The calculated ybar_b counterfactual mean is:  0.01656281603606705
Adjusted selection gap:  0.012546514577204609
Actual gap:  -8.111627367725707e-05


Comparing the actual gap, $\bar{y}^b - \bar{y}^a$ to the counterfactual gap, $\bar{y}^{b}_{counterf} - \bar{y}^a$, we can see that the adjusted selection gap is actually much larger in magnitude when compared to the actual calculated gap. The adjusted selection gap uncovers how much of the actual gap between groups is caused by the distribution across categories $g$ as opposed to differences within categories. Thus, while the actual selection gap of the adjusted selection gap is a weighted average of the difference in probability of becoming a new fellow across categories of # of top 5 journal publications.

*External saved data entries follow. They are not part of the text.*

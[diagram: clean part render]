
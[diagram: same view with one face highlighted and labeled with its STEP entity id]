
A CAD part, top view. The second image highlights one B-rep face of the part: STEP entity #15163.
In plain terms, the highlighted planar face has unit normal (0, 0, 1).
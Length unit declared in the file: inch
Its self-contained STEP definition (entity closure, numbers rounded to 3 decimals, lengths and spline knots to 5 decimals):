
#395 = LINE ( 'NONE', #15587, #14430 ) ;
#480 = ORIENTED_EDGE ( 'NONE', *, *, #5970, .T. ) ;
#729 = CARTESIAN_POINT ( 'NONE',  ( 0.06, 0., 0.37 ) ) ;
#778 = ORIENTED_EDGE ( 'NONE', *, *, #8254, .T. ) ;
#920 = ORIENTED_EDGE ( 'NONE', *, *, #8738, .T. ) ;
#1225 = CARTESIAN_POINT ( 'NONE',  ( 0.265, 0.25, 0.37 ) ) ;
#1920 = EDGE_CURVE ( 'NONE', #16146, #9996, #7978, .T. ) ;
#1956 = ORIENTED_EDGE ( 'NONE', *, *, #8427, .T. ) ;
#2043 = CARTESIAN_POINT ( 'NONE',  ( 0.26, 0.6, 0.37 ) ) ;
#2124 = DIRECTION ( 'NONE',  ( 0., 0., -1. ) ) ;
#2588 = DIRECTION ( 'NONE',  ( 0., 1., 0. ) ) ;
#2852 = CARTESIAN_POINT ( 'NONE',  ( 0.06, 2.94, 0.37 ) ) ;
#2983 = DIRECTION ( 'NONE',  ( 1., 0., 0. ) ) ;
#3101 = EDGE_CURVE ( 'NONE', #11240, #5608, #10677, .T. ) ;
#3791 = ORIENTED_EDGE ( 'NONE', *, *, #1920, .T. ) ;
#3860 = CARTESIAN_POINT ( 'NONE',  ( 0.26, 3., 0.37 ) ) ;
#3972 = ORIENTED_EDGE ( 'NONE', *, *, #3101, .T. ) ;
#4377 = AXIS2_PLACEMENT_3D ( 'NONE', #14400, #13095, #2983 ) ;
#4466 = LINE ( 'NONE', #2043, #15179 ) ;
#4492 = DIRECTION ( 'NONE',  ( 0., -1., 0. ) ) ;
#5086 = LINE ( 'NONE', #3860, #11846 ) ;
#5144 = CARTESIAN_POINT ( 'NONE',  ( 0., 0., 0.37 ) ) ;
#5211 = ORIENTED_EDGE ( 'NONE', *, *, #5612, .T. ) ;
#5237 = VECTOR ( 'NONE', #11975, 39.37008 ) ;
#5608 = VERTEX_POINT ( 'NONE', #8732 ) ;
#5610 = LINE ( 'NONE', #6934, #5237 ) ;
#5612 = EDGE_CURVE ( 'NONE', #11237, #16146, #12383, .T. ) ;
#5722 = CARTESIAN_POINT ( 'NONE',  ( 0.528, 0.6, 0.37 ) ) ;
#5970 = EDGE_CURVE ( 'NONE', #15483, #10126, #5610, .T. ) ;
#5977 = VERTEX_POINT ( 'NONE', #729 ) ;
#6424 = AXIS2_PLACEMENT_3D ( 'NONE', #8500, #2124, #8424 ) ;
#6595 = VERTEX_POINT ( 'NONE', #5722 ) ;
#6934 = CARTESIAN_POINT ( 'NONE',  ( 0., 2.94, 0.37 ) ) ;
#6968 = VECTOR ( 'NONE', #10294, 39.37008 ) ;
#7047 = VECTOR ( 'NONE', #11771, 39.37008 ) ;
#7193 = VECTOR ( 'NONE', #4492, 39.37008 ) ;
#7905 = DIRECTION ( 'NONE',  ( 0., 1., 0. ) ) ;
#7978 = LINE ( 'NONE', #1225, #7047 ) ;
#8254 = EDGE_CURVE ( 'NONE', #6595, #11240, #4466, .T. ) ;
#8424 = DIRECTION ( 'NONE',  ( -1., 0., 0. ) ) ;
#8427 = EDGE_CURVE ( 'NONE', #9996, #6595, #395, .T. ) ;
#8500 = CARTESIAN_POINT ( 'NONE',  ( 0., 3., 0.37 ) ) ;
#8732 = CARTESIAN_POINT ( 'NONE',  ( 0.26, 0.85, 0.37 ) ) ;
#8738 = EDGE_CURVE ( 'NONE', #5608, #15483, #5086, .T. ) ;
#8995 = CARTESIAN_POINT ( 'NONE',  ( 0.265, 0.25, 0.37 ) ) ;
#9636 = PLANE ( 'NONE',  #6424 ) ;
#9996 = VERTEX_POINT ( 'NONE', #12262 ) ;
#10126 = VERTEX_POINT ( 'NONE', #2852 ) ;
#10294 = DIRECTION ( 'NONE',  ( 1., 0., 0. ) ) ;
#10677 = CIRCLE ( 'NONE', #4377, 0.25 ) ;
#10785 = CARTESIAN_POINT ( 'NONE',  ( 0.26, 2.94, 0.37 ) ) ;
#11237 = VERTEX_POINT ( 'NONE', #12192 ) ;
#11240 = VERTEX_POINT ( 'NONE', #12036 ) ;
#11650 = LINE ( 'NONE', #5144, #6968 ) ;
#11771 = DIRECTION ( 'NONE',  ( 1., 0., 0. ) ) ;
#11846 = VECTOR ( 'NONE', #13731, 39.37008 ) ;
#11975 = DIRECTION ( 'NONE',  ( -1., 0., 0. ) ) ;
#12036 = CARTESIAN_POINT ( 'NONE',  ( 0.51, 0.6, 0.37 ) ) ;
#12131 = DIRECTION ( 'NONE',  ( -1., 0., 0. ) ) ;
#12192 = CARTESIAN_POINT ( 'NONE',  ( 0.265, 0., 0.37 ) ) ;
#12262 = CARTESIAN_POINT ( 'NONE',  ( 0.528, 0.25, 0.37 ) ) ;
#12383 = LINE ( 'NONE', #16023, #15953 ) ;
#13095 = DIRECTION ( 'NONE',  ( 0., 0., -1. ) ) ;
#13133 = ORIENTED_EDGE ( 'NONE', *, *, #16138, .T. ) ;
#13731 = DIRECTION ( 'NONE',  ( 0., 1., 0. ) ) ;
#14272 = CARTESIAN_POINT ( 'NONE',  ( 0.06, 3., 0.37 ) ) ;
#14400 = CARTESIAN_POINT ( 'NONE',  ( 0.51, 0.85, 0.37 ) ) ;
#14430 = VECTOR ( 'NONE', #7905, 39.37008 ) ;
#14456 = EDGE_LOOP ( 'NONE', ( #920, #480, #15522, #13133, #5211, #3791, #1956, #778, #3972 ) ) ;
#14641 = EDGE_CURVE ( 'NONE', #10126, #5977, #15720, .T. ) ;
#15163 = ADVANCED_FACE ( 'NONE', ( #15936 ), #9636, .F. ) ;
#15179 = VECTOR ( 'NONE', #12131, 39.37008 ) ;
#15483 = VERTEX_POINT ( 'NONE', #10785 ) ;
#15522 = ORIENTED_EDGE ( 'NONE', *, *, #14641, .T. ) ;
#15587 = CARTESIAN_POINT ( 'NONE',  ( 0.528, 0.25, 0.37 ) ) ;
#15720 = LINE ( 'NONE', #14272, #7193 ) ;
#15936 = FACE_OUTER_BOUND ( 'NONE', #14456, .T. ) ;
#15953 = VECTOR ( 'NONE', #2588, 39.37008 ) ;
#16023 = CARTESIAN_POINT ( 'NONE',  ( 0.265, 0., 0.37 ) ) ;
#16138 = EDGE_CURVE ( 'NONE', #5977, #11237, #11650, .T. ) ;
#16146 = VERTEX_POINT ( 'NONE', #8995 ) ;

Looking at the table from above where we calculated the mean within each group of becoming new fellows, we can infer that the reason we see a bigger positive effect for females when they are redistributed to look like men may be because of the way the men are distributed. There is a much higher fraction of all male economists with previous publications when compared to fraction of all female economists with previous publications when looking at those with >5 top5 publications. Thus, we can infer that those with higher numbers of top 5 publications would be more likely to become new fellows. By redistributing the females to look like men in this case, there is a larger positive effect for them to become new fellows if they have more top 5 journal publications. 

Thus, through reweighting, we find greater nuance within the actual selection gap. This analysis suggests that while the selection gap is small, each subgroup is selected according to a different criteria due to fundamental differences within each group. This data could speak towards a push for greater diversity within the Econometric Society, as well as provide a piece of evidence of how bias within the field of economics is being addressed.